(Try it):
Return the listing verbatim, images left out.
(Input for this task Opens)
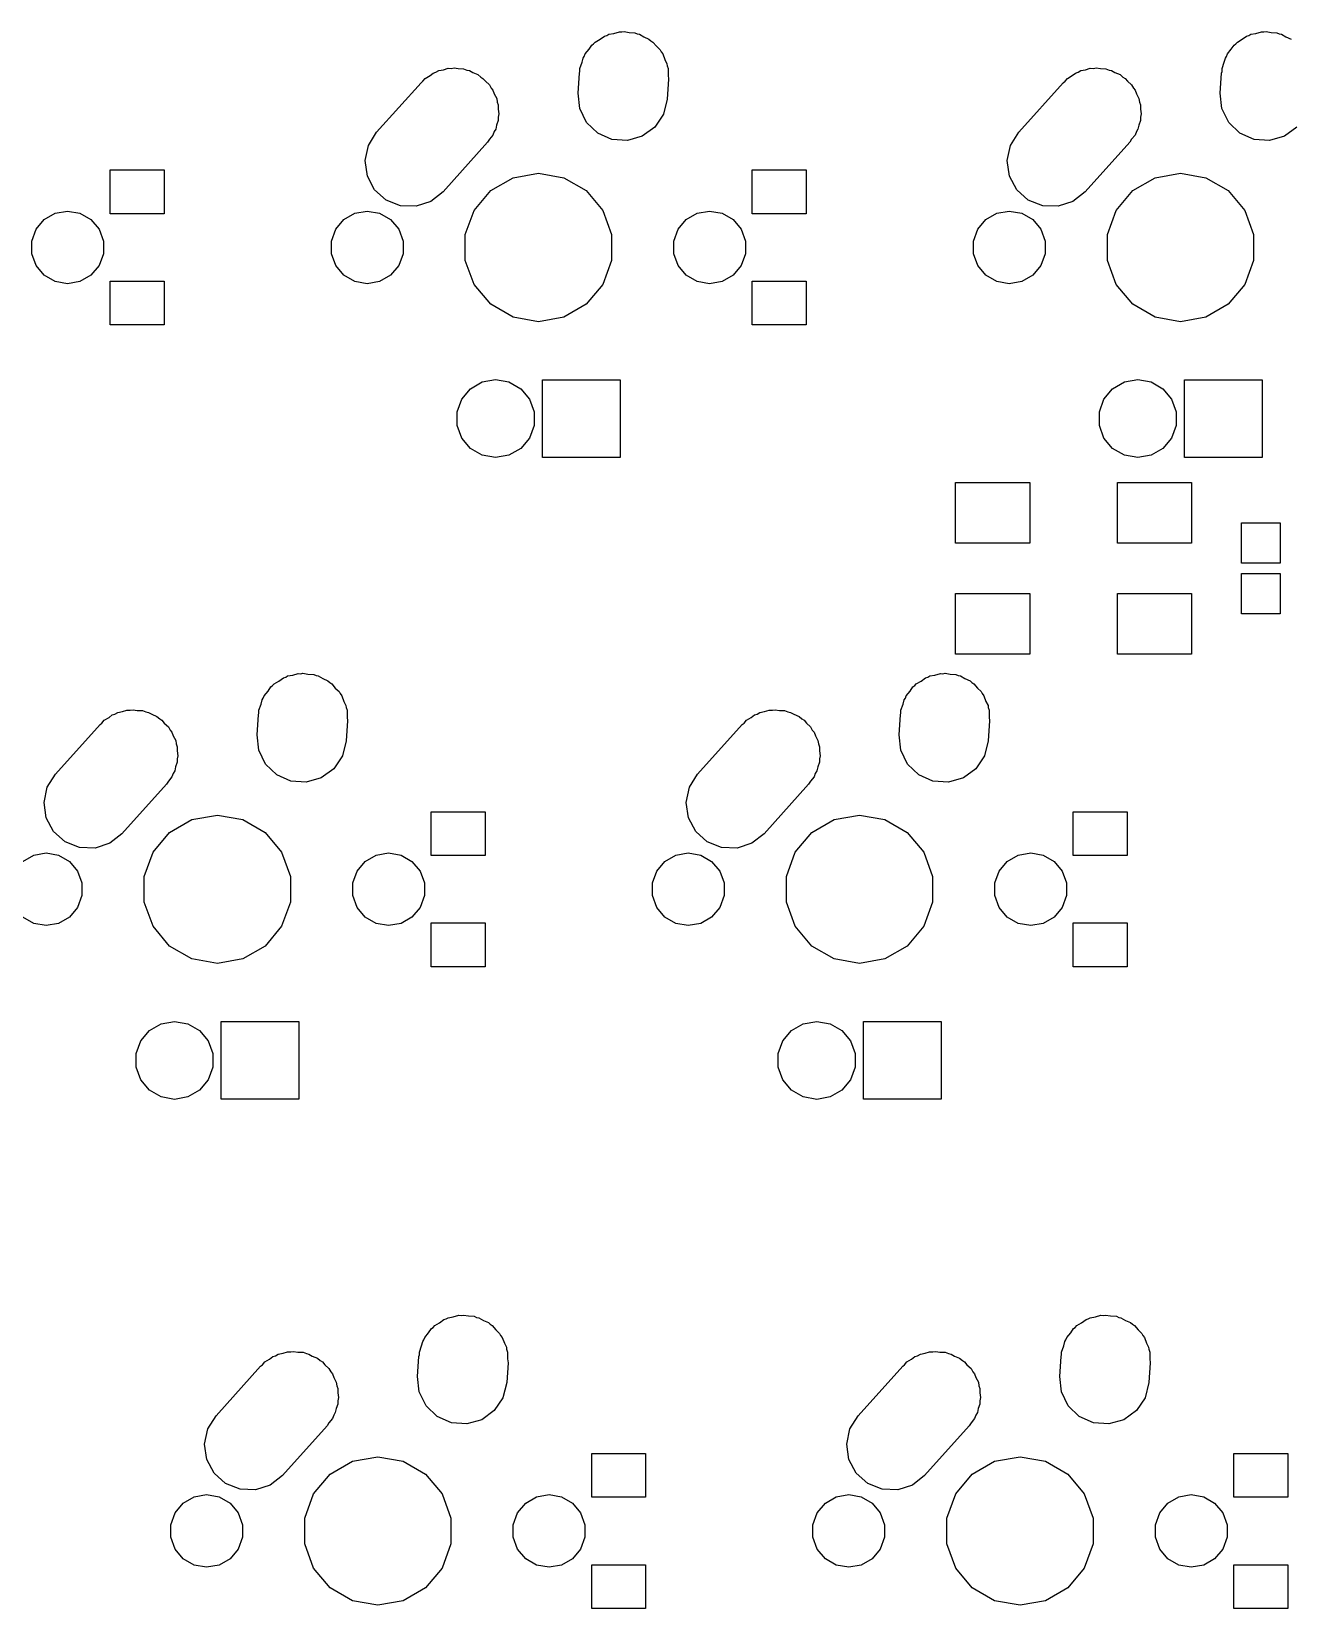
# Model space of a CAD drawing. Extents: x 50 to 349, y -142 to -48.
# Drawn here: x 194.51 to 231.83, y -97.55 to -50.74 of the extents above; entities that cross this region are included whole.
import ezdxf

# ---------------------------------------------------------------- set-up
doc = ezdxf.new("R2010")
doc.units = 0
doc.header["$MEASUREMENT"] = 0
doc.layers.add('BLACK', color=7, linetype='CONTINUOUS')

msp = doc.modelspace()

# ---------------------------------------------------------------- linework, layer by layer
at = {"layer": 'Black'}
for p, q in [((211.235, -51.0511), (211.377, -50.9691)), ((211.377, -50.9691), (211.508, -50.8735)), ((211.508, -50.8735), (211.577, -50.8538)), ((211.577, -50.8538), (211.635, -50.8202)), ((211.635, -50.8202), (211.787, -50.7934)), ((211.787, -50.7934), (211.951, -50.7462)), ((211.951, -50.7462), (212.025, -50.7514)), ((212.025, -50.7514), (212.09, -50.7399)), ((212.09, -50.7399), (212.238, -50.7661)), ((212.238, -50.7661), (212.41, -50.7779)), ((212.41, -50.7779), (212.479, -50.8085)), ((212.479, -50.8085), (212.545, -50.8202)), ((212.545, -50.8202), (212.678, -50.8971)), ((212.678, -50.8971), (212.83, -50.9647)), ((212.83, -50.9647), (212.883, -51.0152)), ((212.883, -51.0152), (212.945, -51.0511)), ((230.285, -51.0511), (230.427, -50.9691)), ((230.427, -50.9691), (230.558, -50.8735)), ((230.558, -50.8735), (230.627, -50.8538)), ((230.627, -50.8538), (230.685, -50.8202)), ((230.685, -50.8202), (230.837, -50.7934)), ((230.837, -50.7934), (231.001, -50.7462)), ((231.001, -50.7462), (231.075, -50.7514)), ((231.075, -50.7514), (231.14, -50.7399)), ((231.14, -50.7399), (231.288, -50.7661)), ((231.288, -50.7661), (231.46, -50.7779)), ((231.46, -50.7779), (231.529, -50.8085)), ((231.529, -50.8085), (231.595, -50.8202)), ((231.595, -50.8202), (231.728, -50.8971)), ((231.728, -50.8971), (231.88, -50.9647)), ((210.879, -51.5261), (210.911, -51.4789)), ((210.911, -51.4789), (210.938, -51.405)), ((210.938, -51.405), (211.054, -51.2673)), ((211.054, -51.2673), (211.136, -51.1443)), ((211.136, -51.1443), (211.189, -51.1061)), ((211.189, -51.1061), (211.235, -51.0511)), ((212.945, -51.0511), (213.05, -51.1768)), ((213.05, -51.1768), (213.162, -51.284)), ((213.162, -51.284), (213.191, -51.3447)), ((213.191, -51.3447), (213.242, -51.405)), ((213.242, -51.405), (213.303, -51.5738)), ((229.929, -51.5261), (229.961, -51.4789)), ((229.961, -51.4789), (229.988, -51.405)), ((229.988, -51.405), (230.104, -51.2673)), ((230.104, -51.2673), (230.186, -51.1443)), ((230.186, -51.1443), (230.239, -51.1061)), ((230.239, -51.1061), (230.285, -51.0511)), ((206.432, -51.9746), (206.511, -51.9488)), ((206.511, -51.9488), (206.595, -51.9002)), ((206.595, -51.9002), (206.735, -51.8754)), ((206.735, -51.8754), (206.869, -51.8317)), ((206.869, -51.8317), (206.965, -51.8349)), ((206.965, -51.8349), (207.05, -51.8199)), ((207.05, -51.8199), (207.174, -51.8418)), ((207.174, -51.8418), (207.329, -51.8469)), ((207.329, -51.8469), (207.428, -51.8865)), ((207.428, -51.8865), (207.505, -51.9002)), ((207.505, -51.9002), (207.604, -51.9576)), ((207.604, -51.9576), (207.756, -52.0186)), ((210.769, -51.9727), (210.78, -51.926)), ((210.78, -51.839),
(Input for this task Closes)
(Final answer):
# Model space of a CAD drawing. Extents: x 50 to 349, y -142 to -48.
# Drawn here: x 194.51 to 231.83, y -97.55 to -50.74 of the extents above; entities that cross this region are included whole.
import ezdxf

# ---------------------------------------------------------------- set-up
doc = ezdxf.new("R2010")
doc.units = 0
doc.header["$MEASUREMENT"] = 0
doc.layers.add('BLACK', color=7, linetype='CONTINUOUS')

msp = doc.modelspace()

# ---------------------------------------------------------------- linework, layer by layer
at = {"layer": 'Black'}
for p, q in [((211.235, -51.0511), (211.377, -50.9691)), ((211.377, -50.9691), (211.508, -50.8735)), ((211.508, -50.8735), (211.577, -50.8538)), ((211.577, -50.8538), (211.635, -50.8202)), ((211.635, -50.8202), (211.787, -50.7934)), ((211.787, -50.7934), (211.951, -50.7462)), ((211.951, -50.7462), (212.025, -50.7514)), ((212.025, -50.7514), (212.09, -50.7399)), ((212.09, -50.7399), (212.238, -50.7661)), ((212.238, -50.7661), (212.41, -50.7779)), ((212.41, -50.7779), (212.479, -50.8085)), ((212.479, -50.8085), (212.545, -50.8202)), ((212.545, -50.8202), (212.678, -50.8971)), ((212.678, -50.8971), (212.83, -50.9647)), ((212.83, -50.9647), (212.883, -51.0152)), ((212.883, -51.0152), (212.945, -51.0511)), ((230.285, -51.0511), (230.427, -50.9691)), ((230.427, -50.9691), (230.558, -50.8735)), ((230.558, -50.8735), (230.627, -50.8538)), ((230.627, -50.8538), (230.685, -50.8202)), ((230.685, -50.8202), (230.837, -50.7934)), ((230.837, -50.7934), (231.001, -50.7462)), ((231.001, -50.7462), (231.075, -50.7514)), ((231.075, -50.7514), (231.14, -50.7399)), ((231.14, -50.7399), (231.288, -50.7661)), ((231.288, -50.7661), (231.46, -50.7779)), ((231.46, -50.7779), (231.529, -50.8085)), ((231.529, -50.8085), (231.595, -50.8202)), ((231.595, -50.8202), (231.728, -50.8971)), ((231.728, -50.8971), (231.88, -50.9647)), ((210.879, -51.5261), (210.911, -51.4789)), ((210.911, -51.4789), (210.938, -51.405)), ((210.938, -51.405), (211.054, -51.2673)), ((211.054, -51.2673), (211.136, -51.1443)), ((211.136, -51.1443), (211.189, -51.1061)), ((211.189, -51.1061), (211.235, -51.0511)), ((212.945, -51.0511), (213.05, -51.1768)), ((213.05, -51.1768), (213.162, -51.284)), ((213.162, -51.284), (213.191, -51.3447)), ((213.191, -51.3447), (213.242, -51.405)), ((213.242, -51.405), (213.303, -51.5738)), ((229.929, -51.5261), (229.961, -51.4789)), ((229.961, -51.4789), (229.988, -51.405)), ((229.988, -51.405), (230.104, -51.2673)), ((230.104, -51.2673), (230.186, -51.1443)), ((230.186, -51.1443), (230.239, -51.1061)), ((230.239, -51.1061), (230.285, -51.0511)), ((206.432, -51.9746), (206.511, -51.9488)), ((206.511, -51.9488), (206.595, -51.9002)), ((206.595, -51.9002), (206.735, -51.8754)), ((206.735, -51.8754), (206.869, -51.8317)), ((206.869, -51.8317), (206.965, -51.8349)), ((206.965, -51.8349), (207.05, -51.8199)), ((207.05, -51.8199), (207.174, -51.8418)), ((207.174, -51.8418), (207.329, -51.8469)), ((207.329, -51.8469), (207.428, -51.8865)), ((207.428, -51.8865), (207.505, -51.9002)), ((207.505, -51.9002), (207.604, -51.9576)), ((207.604, -51.9576), (207.756, -52.0186)), ((210.769, -51.9727), (210.78, -51.926)), ((210.78, -51.839),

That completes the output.